Section publish contains configuration for image and application building and publishing. Consumer doesn't need to set anything in this section.

- ``publish-dir`` is the path to which the newly built containers and applications will be published, i.e. where the archive and metadata will be stored and can be picked up manually od by another process to be transferred elsewhere.
- ``signing-key`` is the path to ECDSA private key used for digitally signing the built packages. See section `Package manager` on more details about how are the packages signed and verified.

Section repo contains information about online repository used by the consumer to access the metadata and download the packages.

- ``url`` is the URL of the base repository directory. The URL may contain username and password and are expected to be in RFC 1738 compliant common internet scheme syntax ``<scheme>://<user>:<password>@<host>:<port>/<url-path>``.
- ``public-key`` is the pinned ECDSA public key used for verification of metadata and downloaded content. See section `Package manager` on more details about how are the packages signed and verified.

Package manager
---------------

There are several types of deliverables, however only images and application are subject to packaging and lifecycle management. In order to create a deliverable package, the builder must have an ECDSA private key, which will be used for signing. The principle is similar to any other public-key cryptography, so an RSA or GPG keys could have been used, but ECDSA has been chosen as it uses has reasonably short keys while retaining high level of security.

When an image or application are packaged, the files (the layer in case of image and the setup scripts in case of application) are archived as *.tar.xz*, placed in the publish repository. XZ (LZMA2) has been selected as it has the best compression ratio from the commonly used compression algorithms. Then, using the builders ECDSA private key, a signed SHA512 hash of the archive is calculated and stored with the rest of the metadata. This hash, uncompressed data size and compressed archive size (download size) are written into the metadata file along with the rest of the metadata. Finally, another signed SHA512 hash is calculated from the metadata JSON file ``repository.json`` and stored as a separate signature file ``repository.sig``. All files (XZ archives, repository.json and repository.sig) then need to be transferred to a desired location on a distribution server.

In order to consume the packages, the consumer needs to know the builder's, resp. online repository's ECDSA public key and needs to have it configured (pinned) in ``/etc/spoc/spoc.conf``, otherwise any attempt for signature verification will fail.

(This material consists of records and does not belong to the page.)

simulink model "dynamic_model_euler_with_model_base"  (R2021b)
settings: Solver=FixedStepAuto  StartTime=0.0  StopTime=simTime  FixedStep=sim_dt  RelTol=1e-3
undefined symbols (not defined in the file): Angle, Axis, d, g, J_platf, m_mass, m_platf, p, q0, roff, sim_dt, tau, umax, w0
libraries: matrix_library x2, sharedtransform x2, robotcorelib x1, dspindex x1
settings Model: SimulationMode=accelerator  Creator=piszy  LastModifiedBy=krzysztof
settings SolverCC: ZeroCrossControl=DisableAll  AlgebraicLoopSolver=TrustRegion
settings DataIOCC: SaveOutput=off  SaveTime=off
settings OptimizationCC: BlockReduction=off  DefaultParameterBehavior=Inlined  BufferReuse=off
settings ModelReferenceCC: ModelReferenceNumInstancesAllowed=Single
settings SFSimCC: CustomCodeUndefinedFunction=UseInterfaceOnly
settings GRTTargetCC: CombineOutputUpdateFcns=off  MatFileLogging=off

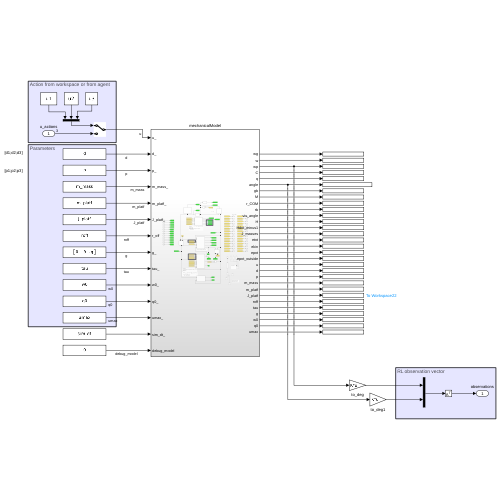
[thumbnail: Simulink's stored preview of the top-level diagram]
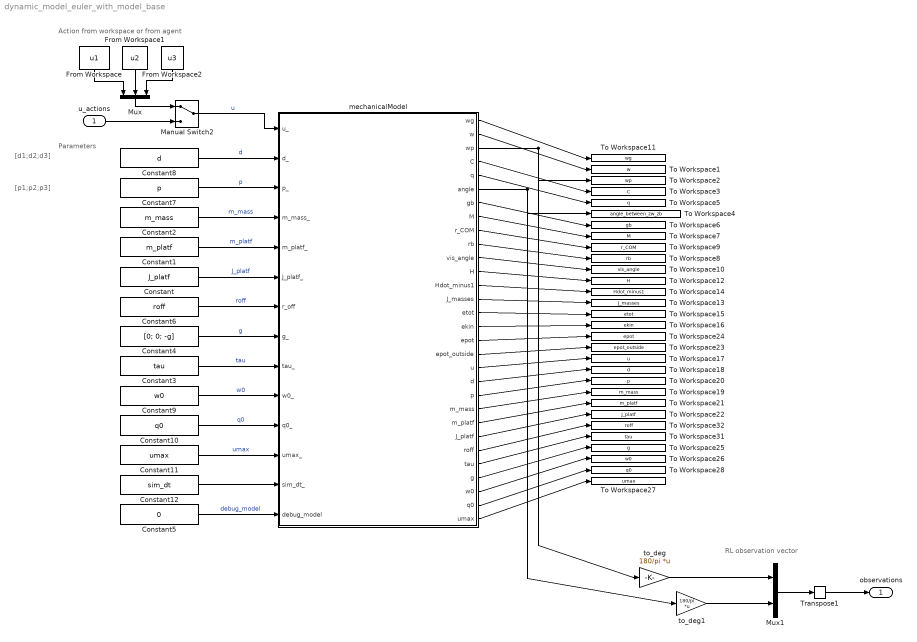
== system dynamic_model_euler_with_model_base ==
  note: Parameters
  note: Action from workspace or from agent
  note: RL observation vector
  note: [p1;p2;p3]
  note: [d1;d2;d3]
  u_actions : Inport  PortDimensions=[3]
  Constant : Constant  Value=J_platf
  Constant1 : Constant  Value=m_platf
  Constant10 : Constant  Value=q0
  Constant11 : Constant  Value=umax
  Constant12 : Constant  Value=sim_dt
  Constant2 : Constant  Value=m_mass
  Constant3 : Constant  Value=tau
  Constant4 : Constant  Value=[0; 0; -g]
  Constant5 : Constant  Value=0
  Constant6 : Constant  Value=roff
  Constant7 : Constant  Value=p
  Constant8 : Constant  Value=d
  Constant9 : Constant  Value=w0
  From Workspace : FromWorkspace  VariableName=u1
  From Workspace1 : FromWorkspace  VariableName=u2
  From Workspace2 : FromWorkspace  VariableName=u3
  Manual Switch2 : ManualSwitch
  Mux : Mux  Inputs=3
  Mux1 : Mux  Inputs=2
  To Workspace1 : ToWorkspace  VariableName=w  SampleTime=-1
  To Workspace10 : ToWorkspace  VariableName=vis_angle  SampleTime=-1
  To Workspace11 : ToWorkspace  VariableName=wg  SampleTime=-1
  To Workspace12 : ToWorkspace  VariableName=H  SampleTime=-1
  To Workspace13 : ToWorkspace  VariableName=J_masses  SampleTime=-1
  To Workspace14 : ToWorkspace  VariableName=Hdot_minus1  SampleTime=-1
  To Workspace15 : ToWorkspace  VariableName=etot  SampleTime=-1
  To Workspace16 : ToWorkspace  VariableName=ekin  SampleTime=-1
  To Workspace17 : ToWorkspace  VariableName=u  SampleTime=-1
  To Workspace18 : ToWorkspace  VariableName=d  SampleTime=-1
  To Workspace19 : ToWorkspace  VariableName=m_mass  SampleTime=-1
  To Workspace2 : ToWorkspace  VariableName=wp  SampleTime=-1
  To Workspace20 : ToWorkspace  VariableName=p  SampleTime=-1
  To Workspace21 : ToWorkspace  VariableName=m_platf  SampleTime=-1
  To Workspace22 : ToWorkspace  VariableName=J_platf  SampleTime=-1
  To Workspace23 : ToWorkspace  VariableName=epot_outside  SampleTime=-1
  To Workspace24 : ToWorkspace  VariableName=epot  SampleTime=-1
  To Workspace25 : ToWorkspace  VariableName=g  SampleTime=-1
  To Workspace26 : ToWorkspace  VariableName=w0  SampleTime=-1
  To Workspace27 : ToWorkspace  VariableName=umax  SampleTime=-1
  To Workspace28 : ToWorkspace  VariableName=q0  SampleTime=-1
  To Workspace3 : ToWorkspace  VariableName=C  SampleTime=-1
  To Workspace31 : ToWorkspace  VariableName=tau  SampleTime=-1
  To Workspace32 : ToWorkspace  VariableName=roff  SampleTime=-1
  To Workspace4 : ToWorkspace  VariableName=angle_between_zw_zb  SampleTime=-1
  To Workspace5 : ToWorkspace  VariableName=q  SampleTime=-1
  To Workspace6 : ToWorkspace  VariableName=gb  SampleTime=-1
  To Workspace7 : ToWorkspace  VariableName=M  SampleTime=-1
  To Workspace8 : ToWorkspace  VariableName=rb  SampleTime=-1
  To Workspace9 : ToWorkspace  VariableName=r_COM  SampleTime=-1
  Transpose1 : matrix_library/Transpose
      settings: SourceProductBaseCode=SL
  mechanicalModel : Subsystem
  to_deg : Gain  Gain=180/pi  Multiplication=Matrix(K*u)
  to_deg1 : Gain  Gain=180/pi  Multiplication=Matrix(K*u)
  observations : Outport
  wires:
  From Workspace/1 -> Mux/1
  From Workspace1/1 -> Mux/2
  From Workspace2/1 -> Mux/3
  Mux/1 -> Manual Switch2/1
  Manual Switch2/1 -> mechanicalModel/1(u_)  "u"
  u_actions/1 -> Manual Switch2/2
  Mux1/1 -> Transpose1/1
  Transpose1/1 -> observations/1
  Constant2/1 -> mechanicalModel/4(m_mass_)  "m_mass"
  Constant5/1 -> mechanicalModel/14(debug_model)  "debug_model"
  Constant8/1 -> mechanicalModel/2(d_)  "d"
  Constant7/1 -> mechanicalModel/3(p_)  "p"
  Constant1/1 -> mechanicalModel/5(m_platf_)  "m_platf"
  Constant3/1 -> mechanicalModel/9(tau_)  "tau"
  Constant6/1 -> mechanicalModel/7(r_off)  "roff"
  Constant4/1 -> mechanicalModel/8(g_)  "g"
  Constant/1 -> mechanicalModel/6(J_platf_)  "J_platf"
  mechanicalModel/6(angle) -> to_deg1/1, To Workspace4/1
  mechanicalModel/3(wp) -> to_deg/1, To Workspace2/1
  to_deg/1 -> Mux1/1
  to_deg1/1 -> Mux1/2
  Constant9/1 -> mechanicalModel/10(w0_)  "w0"
  Constant10/1 -> mechanicalModel/11(q0_)  "q0"
  Constant11/1 -> mechanicalModel/12(umax_)  "umax"
  Constant12/1 -> mechanicalModel/13(sim_dt_)
  mechanicalModel/1(wg) -> To Workspace11/1
  mechanicalModel/2(w) -> To Workspace1/1
  mechanicalModel/4(C) -> To Workspace3/1
  mechanicalModel/5(q) -> To Workspace5/1
  mechanicalModel/7(gb) -> To Workspace6/1
  mechanicalModel/8(M) -> To Workspace7/1
  mechanicalModel/9(r_COM) -> To Workspace9/1
  mechanicalModel/10(rb) -> To Workspace8/1
  mechanicalModel/11(vis_angle) -> To Workspace10/1
  mechanicalModel/12(H) -> To Workspace12/1
  mechanicalModel/13(Hdot_minus1) -> To Workspace14/1
  mechanicalModel/14(J_masses) -> To Workspace13/1
  mechanicalModel/15(etot) -> To Workspace15/1
  mechanicalModel/16(ekin) -> To Workspace16/1
  mechanicalModel/17(epot) -> To Workspace24/1
  mechanicalModel/18(epot_outside) -> To Workspace23/1
  mechanicalModel/19(u) -> To Workspace17/1
  mechanicalModel/20(d) -> To Workspace18/1
  mechanicalModel/21(p) -> To Workspace20/1
  mechanicalModel/22(m_mass) -> To Workspace19/1
  mechanicalModel/23(m_platf) -> To Workspace21/1
  mechanicalModel/24(J_platf) -> To Workspace22/1
  mechanicalModel/25(roff) -> To Workspace32/1
  mechanicalModel/26(tau) -> To Workspace31/1
  mechanicalModel/27(g) -> To Workspace25/1
  mechanicalModel/28(w0) -> To Workspace26/1
  mechanicalModel/29(q0) -> To Workspace28/1
  mechanicalModel/30(umax) -> To Workspace27/1

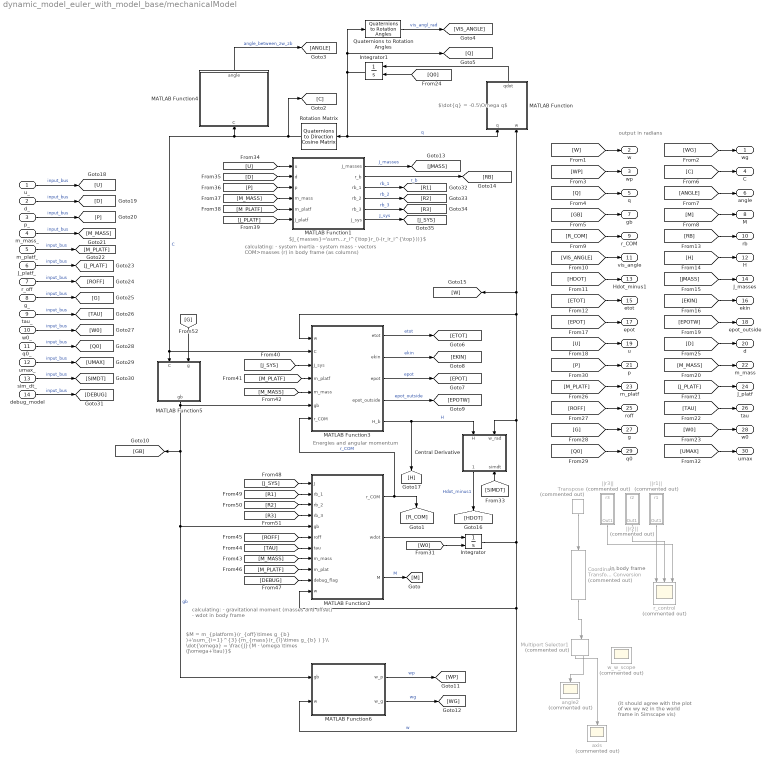
== system dynamic_model_euler_with_model_base/mechanicalModel ==
  note: $J_{masses}=\sum_{i=1}^{3}{m_{i}(I(r_i^{\top}r_i)-(r_ir_i^{\top}))}$
  note: $\dot{q} = -0.5\Omega q$
  note: $M = m_{platform}(r_{off}\times g_{b} )+\sum_{i=1}^{3}{m_{mass}(r_{i}\times g_{b} ) }\\ \dot{\omega} = \frac{J}{M - \omega \times (J\omega+\tau)}$
  note: (it should agree with the plot of wx wy wz in the world frame in Simscape vis)
  note: calculating:
      | - system inertia
      | - system mass
      | - vectors COM>masses (r) in body frame
      | (as columns)
  note: calculating:
      | - gravitational moment (masses and offset)
      | - wdot
      | in body frame
  note: in body frame
  note: Energies and angular momentum
  note: output in radians
  u_ : Inport
  d_ : Inport  Port=2
  p_ : Inport  Port=3
  m_mass_ : Inport  Port=4
  m_platf_ : Inport  Port=5
  J_platf_ : Inport  Port=6
  r_off : Inport  Port=7
  g_ : Inport  Port=8
  tau_ : Inport  Port=9
  w0_ : Inport  Port=10
  q0_ : Inport  Port=11
  umax_ : Inport  Port=12
  sim_dt_ : Inport  Port=13
  debug_model : Inport  Port=14
  Central Derivative : Subsystem
      settings: PortSchema="{\"entries\":[{\"content\":{\"sides\":[{\"content\":{\"connectorIds\":[\"In1\",\"In2\"]},\"type\":\"ConnectorPlacement.EquallySpacedRectSide\",\"uuid\":\"1383cf58-ed2e-4d76-b2bd-bc812874c5c5\"},{\"content\":{\"connectorIds\":[\"Out1\",\"In3\"],\"side\":\"RIGHT\"},\"type\":\"ConnectorPlacement.EquallySpacedRectSide\",\"uuid\":\"b1333be6-c310-4c35-a541-4e98fbac6c75\"},{\"content\":{\"connectorIds\":[],\"side\":\"TOP\"},\"type\":\"ConnectorPlacement.EquallySpacedRectSide\",\"uuid\":\"9de10ece-9fa2-48e9-be23-db895089292f\"}]},\"type\":\"ConnectorPlacement.EquallySpacedConnector\",\"uuid\":\"8dd4b87f-23e7-464d-a0c4-c49a8f880c8a\"}],\"packageUris\":[\"http://schema.mathworks.com/mf0/Connector/R2020b\"],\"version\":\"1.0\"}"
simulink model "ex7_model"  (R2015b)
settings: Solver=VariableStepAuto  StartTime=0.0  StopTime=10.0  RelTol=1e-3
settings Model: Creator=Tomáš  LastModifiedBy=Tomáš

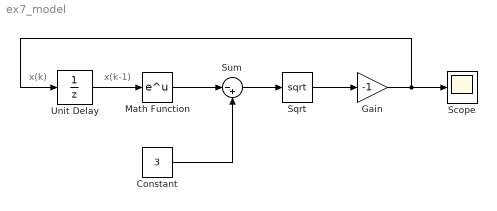
== system ex7_model ==
  note: x(k-1)
  note: x(k)
  Constant : Constant  Value=3
  Gain : Gain  Gain=-1
  Math Function : Math  SaturateOnIntegerOverflow=on
  Scope : Scope
  Sqrt : Sqrt  SaturateOnIntegerOverflow=on
  Sum : Sum  Inputs=|-+
  Unit Delay : UnitDelay  InitialCondition=-2  SampleTime=0.1
  wires:
  Unit Delay/1 -> Math Function/1
  Math Function/1 -> Sum/1
  Constant/1 -> Sum/2
  Sum/1 -> Sqrt/1
  Sqrt/1 -> Gain/1
  Gain/1 -> Scope/1, Unit Delay/1

The consumer issues a command to install the application. First, SPOC downloads the ``repository.json`` metadata file and the ``repository.sig`` signature file and verifies the signature of the metadata file. If the signature can't be verified, installation will immediately fail at this point. Otherwise, the installation continues. SPOC's dependency resolver then checks which images and layers does the application (resp. its containers) require and compares the requirements with the packages already registered in the local repository. If the application requires any images which are not yet locally available, they will be downloaded. The package is downloaded into a temporary location under ``/var/lib/spoc/tmp``. All downloaded archives have their signature verified against the signed hash contained in ``repository.json``. This ensures both that the archive has been downloaded completely and without errors and that it hasn't been tampered with. Only after a successful verification it is extracted. The extraction reuses the same file descriptor to make the verification and extraction operation atomic in attempt to prevent any local attack vectors and replacements of the archive between the two subtasks. Once the image archive is unpacked, its metadata are registered to the local repository and the downloaded archive is deleted.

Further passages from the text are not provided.